(Data items)
******
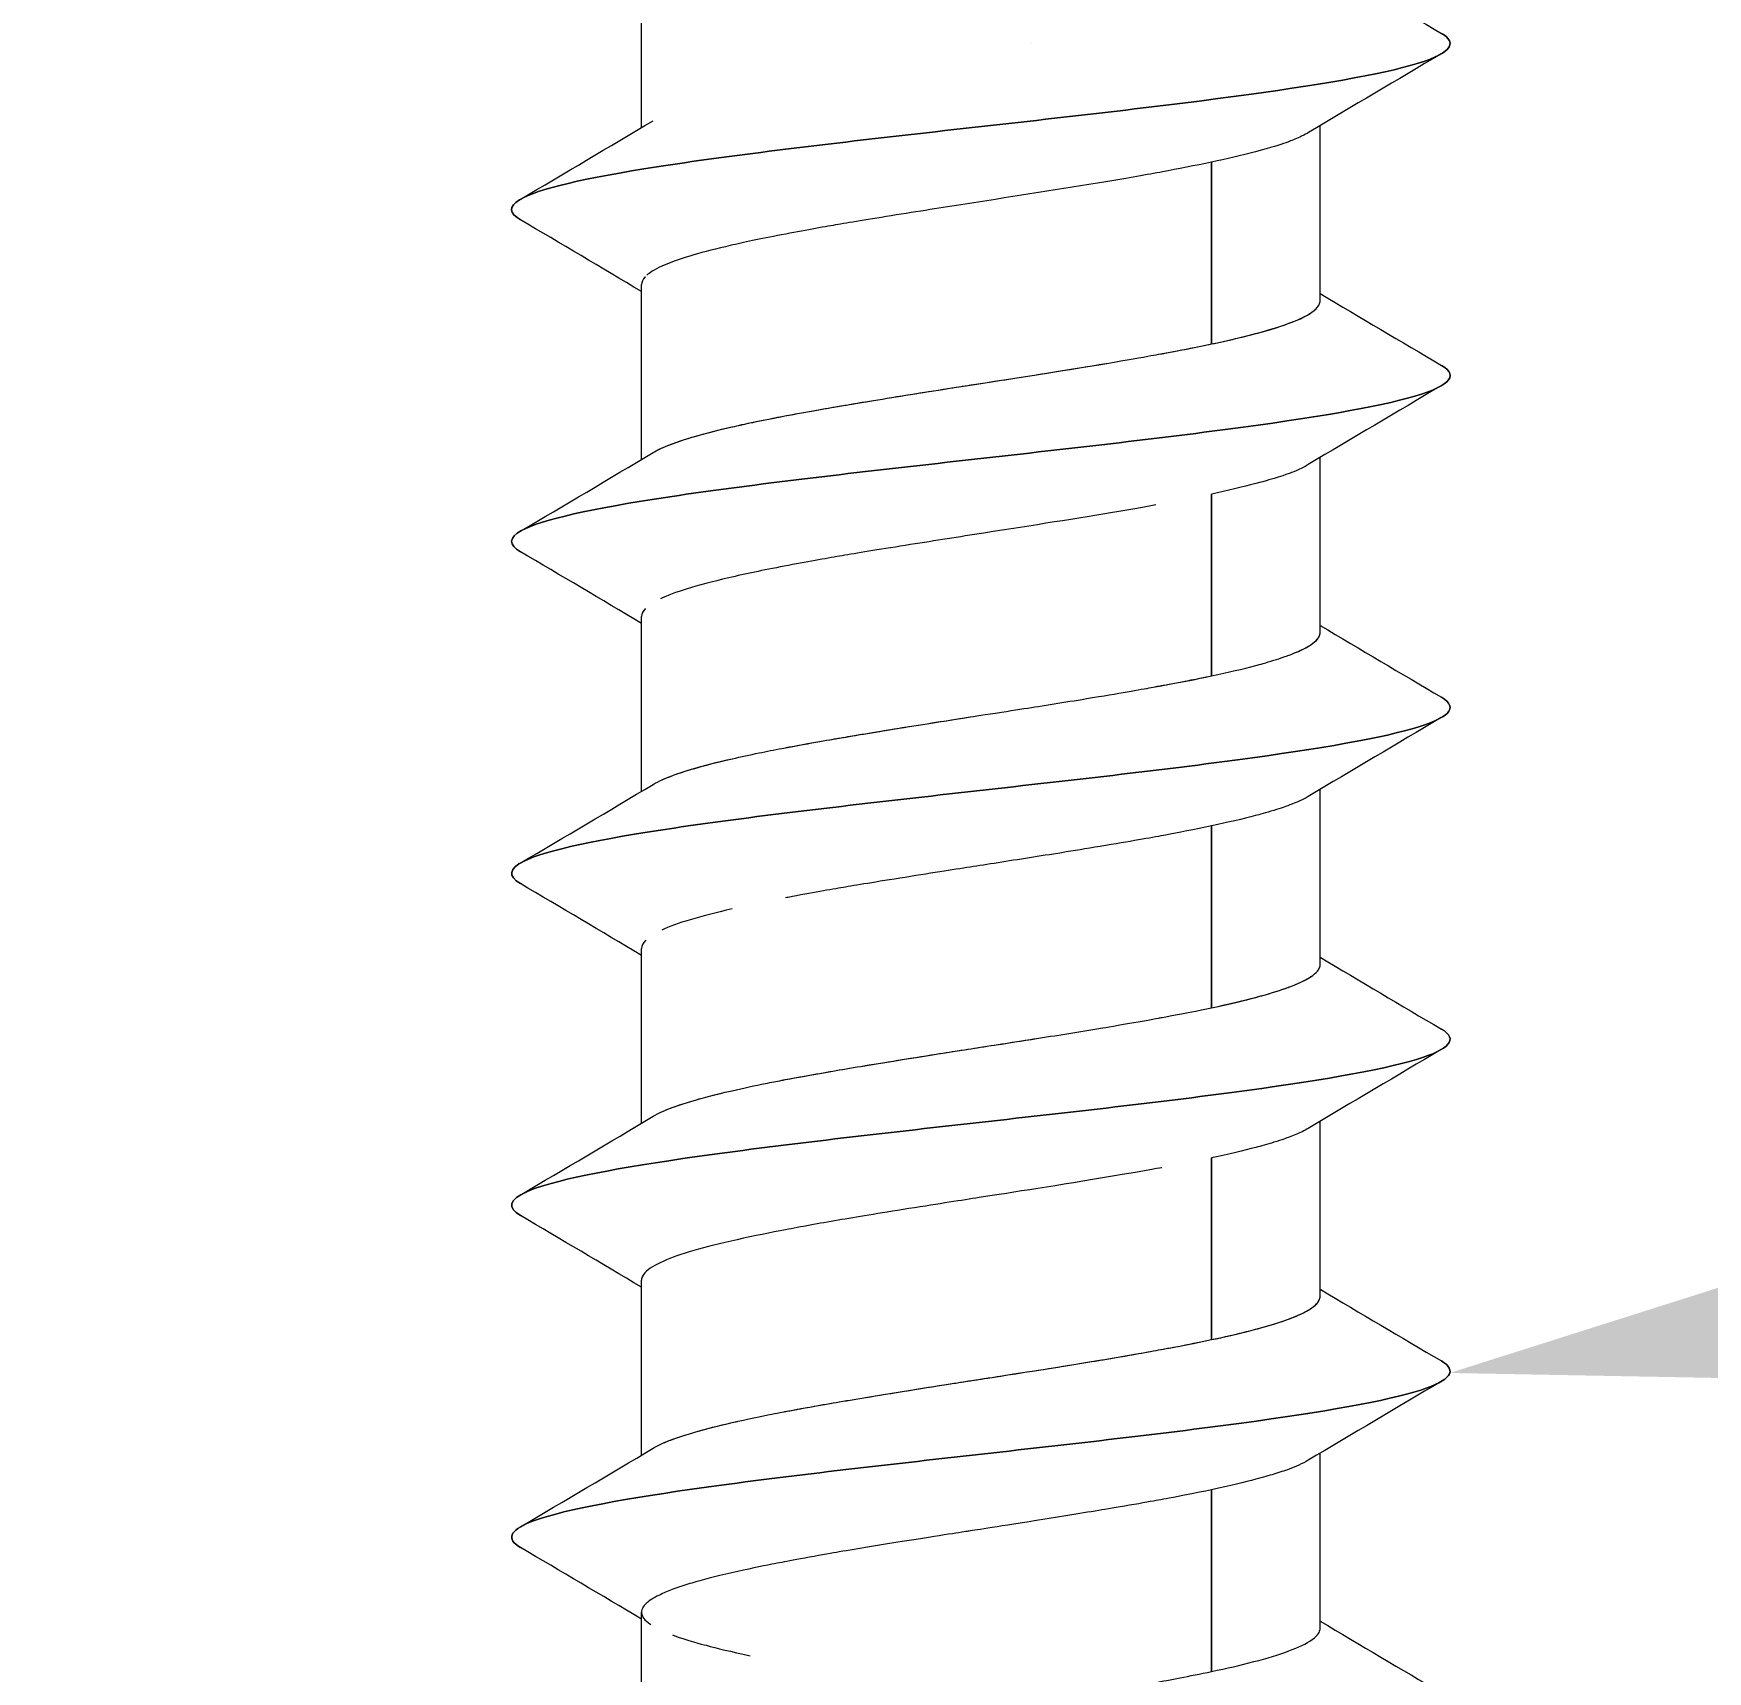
# Model space of a CAD drawing. Header units: inches. Extents: x 10 to 190, y 5 to 37.
# Drawn here: x 146.413 to 146.973, y 7.716 to 8.264 of the extents above; entities that cross this region are included whole.
import ezdxf
from ezdxf import colors
from ezdxf.entities.mleader import LeaderData, LeaderLine
from ezdxf.math import Vec2, Vec3

# ---------------------------------------------------------------- set-up
doc = ezdxf.new("R2010")
doc.units = ezdxf.units.IN
doc.header["$MEASUREMENT"] = 0
doc.styles.add('Tahoma', font='tahoma.ttf')

msp = doc.modelspace()

# ---------------------------------------------------------------- linework, layer by layer
at = {"color": 0, "linetype": 'Continuous', "lineweight": 0, "extrusion": (-1, 6.12323e-17, 0)}
for p, q in [((146.61687, 8.23225), (146.61687, 8.29072)), ((146.84387, 8.17441), (146.84387, 8.23291)), ((146.80756, 8.15987), (146.80756, 8.22069)), ((146.80756, 8.22069), (146.80756, 8.15987)), ((146.61687, 8.12125), (146.61687, 8.17972)), ((146.84387, 8.06341), (146.84387, 8.12191)), ((146.80756, 8.04888), (146.80756, 8.10969)), ((146.80756, 8.10969), (146.80756, 8.04888)), ((146.61687, 8.01025), (146.61687, 8.06872)), ((146.84387, 7.95241), (146.84387, 8.01091)), ((146.80756, 7.93788), (146.80756, 7.99869)), ((146.80756, 7.99869), (146.80756, 7.93788)), ((146.61687, 7.89925), (146.61687, 7.95773)), ((146.84387, 7.84141), (146.84387, 7.8999)), ((146.80756, 7.82688), (146.80756, 7.88769)), ((146.80756, 7.88769), (146.80756, 7.82688)), ((146.61687, 7.78825), (146.61687, 7.84673)), ((146.84387, 7.73041), (146.84387, 7.7889)), ((146.80756, 7.71589), (146.80756, 7.77668)), ((146.80756, 7.77668), (146.80756, 7.71589)), ((146.61687, 7.67725), (146.61687, 7.73573))]:
    msp.add_line(p, q, dxfattribs=at)
msp.add_circle((145.29513, 12.95665), 6.76088)
at = {"color": 0, "linetype": 'Continuous', "lineweight": 0}
for points in [[(146.84387, 8.28774), (146.85738, 8.27969), (146.87093, 8.27169), (146.88449, 8.26371)], [(146.74731, 8.26031), (146.74732, 8.26031), (146.74732, 8.26031), (146.74733, 8.26031)], [(146.88439, 8.25691), (146.86954, 8.24817), (146.8547, 8.23939), (146.83992, 8.23055)], [(146.57627, 8.20822), (146.59112, 8.21695), (146.60595, 8.22571), (146.62074, 8.23455)], [(146.61687, 8.17741), (146.6034, 8.18546), (146.58988, 8.19344), (146.57636, 8.2014)], [(146.84387, 8.17675), (146.85738, 8.16869), (146.87092, 8.1607), (146.88447, 8.15272)], [(146.74731, 8.14931), (146.74731, 8.14931), (146.74732, 8.14931), (146.74732, 8.14931)], [(146.88439, 8.1459), (146.86953, 8.13716), (146.8547, 8.12839), (146.83991, 8.11954)], [(146.57629, 8.09723), (146.59113, 8.10596), (146.60597, 8.11472), (146.62075, 8.12356)], [(146.61687, 8.06641), (146.6034, 8.07445), (146.58989, 8.08244), (146.57636, 8.0904)], [(146.84387, 8.06575), (146.85737, 8.0577), (146.8709, 8.0497), (146.88445, 8.04173)], [(146.74732, 8.03831), (146.74732, 8.03831), (146.74732, 8.03831), (146.74732, 8.03831)], [(146.88438, 8.0349), (146.86953, 8.02615), (146.85469, 8.01738), (146.83991, 8.00853)], [(146.57631, 7.98624), (146.59115, 7.99497), (146.60598, 8.00373), (146.62076, 8.01257)], [(146.61687, 7.9554), (146.6034, 7.96345), (146.58989, 7.97143), (146.57636, 7.97939)], [(146.71343, 7.98281), (146.71343, 7.98281), (146.71343, 7.98281), (146.71343, 7.98281)], [(146.84387, 7.95475), (146.85736, 7.9467), (146.87089, 7.93871), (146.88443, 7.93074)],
******
**Task statement**
Transcribe every entry exactly, leaving out the pictures.

**Result for this task**
# Model space of a CAD drawing. Header units: inches. Extents: x 10 to 190, y 5 to 37.
# Drawn here: x 146.413 to 146.973, y 7.716 to 8.264 of the extents above; entities that cross this region are included whole.
import ezdxf
from ezdxf import colors
from ezdxf.entities.mleader import LeaderData, LeaderLine
from ezdxf.math import Vec2, Vec3

# ---------------------------------------------------------------- set-up
doc = ezdxf.new("R2010")
doc.units = ezdxf.units.IN
doc.header["$MEASUREMENT"] = 0
doc.styles.add('Tahoma', font='tahoma.ttf')

msp = doc.modelspace()

# ---------------------------------------------------------------- linework, layer by layer
at = {"color": 0, "linetype": 'Continuous', "lineweight": 0, "extrusion": (-1, 6.12323e-17, 0)}
for p, q in [((146.61687, 8.23225), (146.61687, 8.29072)), ((146.84387, 8.17441), (146.84387, 8.23291)), ((146.80756, 8.15987), (146.80756, 8.22069)), ((146.80756, 8.22069), (146.80756, 8.15987)), ((146.61687, 8.12125), (146.61687, 8.17972)), ((146.84387, 8.06341), (146.84387, 8.12191)), ((146.80756, 8.04888), (146.80756, 8.10969)), ((146.80756, 8.10969), (146.80756, 8.04888)), ((146.61687, 8.01025), (146.61687, 8.06872)), ((146.84387, 7.95241), (146.84387, 8.01091)), ((146.80756, 7.93788), (146.80756, 7.99869)), ((146.80756, 7.99869), (146.80756, 7.93788)), ((146.61687, 7.89925), (146.61687, 7.95773)), ((146.84387, 7.84141), (146.84387, 7.8999)), ((146.80756, 7.82688), (146.80756, 7.88769)), ((146.80756, 7.88769), (146.80756, 7.82688)), ((146.61687, 7.78825), (146.61687, 7.84673)), ((146.84387, 7.73041), (146.84387, 7.7889)), ((146.80756, 7.71589), (146.80756, 7.77668)), ((146.80756, 7.77668), (146.80756, 7.71589)), ((146.61687, 7.67725), (146.61687, 7.73573))]:
    msp.add_line(p, q, dxfattribs=at)
msp.add_circle((145.29513, 12.95665), 6.76088)
at = {"color": 0, "linetype": 'Continuous', "lineweight": 0}
for points in [[(146.84387, 8.28774), (146.85738, 8.27969), (146.87093, 8.27169), (146.88449, 8.26371)], [(146.74731, 8.26031), (146.74732, 8.26031), (146.74732, 8.26031), (146.74733, 8.26031)], [(146.88439, 8.25691), (146.86954, 8.24817), (146.8547, 8.23939), (146.83992, 8.23055)], [(146.57627, 8.20822), (146.59112, 8.21695), (146.60595, 8.22571), (146.62074, 8.23455)], [(146.61687, 8.17741), (146.6034, 8.18546), (146.58988, 8.19344), (146.57636, 8.2014)], [(146.84387, 8.17675), (146.85738, 8.16869), (146.87092, 8.1607), (146.88447, 8.15272)], [(146.74731, 8.14931), (146.74731, 8.14931), (146.74732, 8.14931), (146.74732, 8.14931)], [(146.88439, 8.1459), (146.86953, 8.13716), (146.8547, 8.12839), (146.83991, 8.11954)], [(146.57629, 8.09723), (146.59113, 8.10596), (146.60597, 8.11472), (146.62075, 8.12356)], [(146.61687, 8.06641), (146.6034, 8.07445), (146.58989, 8.08244), (146.57636, 8.0904)], [(146.84387, 8.06575), (146.85737, 8.0577), (146.8709, 8.0497), (146.88445, 8.04173)], [(146.74732, 8.03831), (146.74732, 8.03831), (146.74732, 8.03831), (146.74732, 8.03831)], [(146.88438, 8.0349), (146.86953, 8.02615), (146.85469, 8.01738), (146.83991, 8.00853)], [(146.57631, 7.98624), (146.59115, 7.99497), (146.60598, 8.00373), (146.62076, 8.01257)], [(146.61687, 7.9554), (146.6034, 7.96345), (146.58989, 7.97143), (146.57636, 7.97939)], [(146.71343, 7.98281), (146.71343, 7.98281), (146.71343, 7.98281), (146.71343, 7.98281)], [(146.84387, 7.95475), (146.85736, 7.9467), (146.87089, 7.93871), (146.88443, 7.93074)],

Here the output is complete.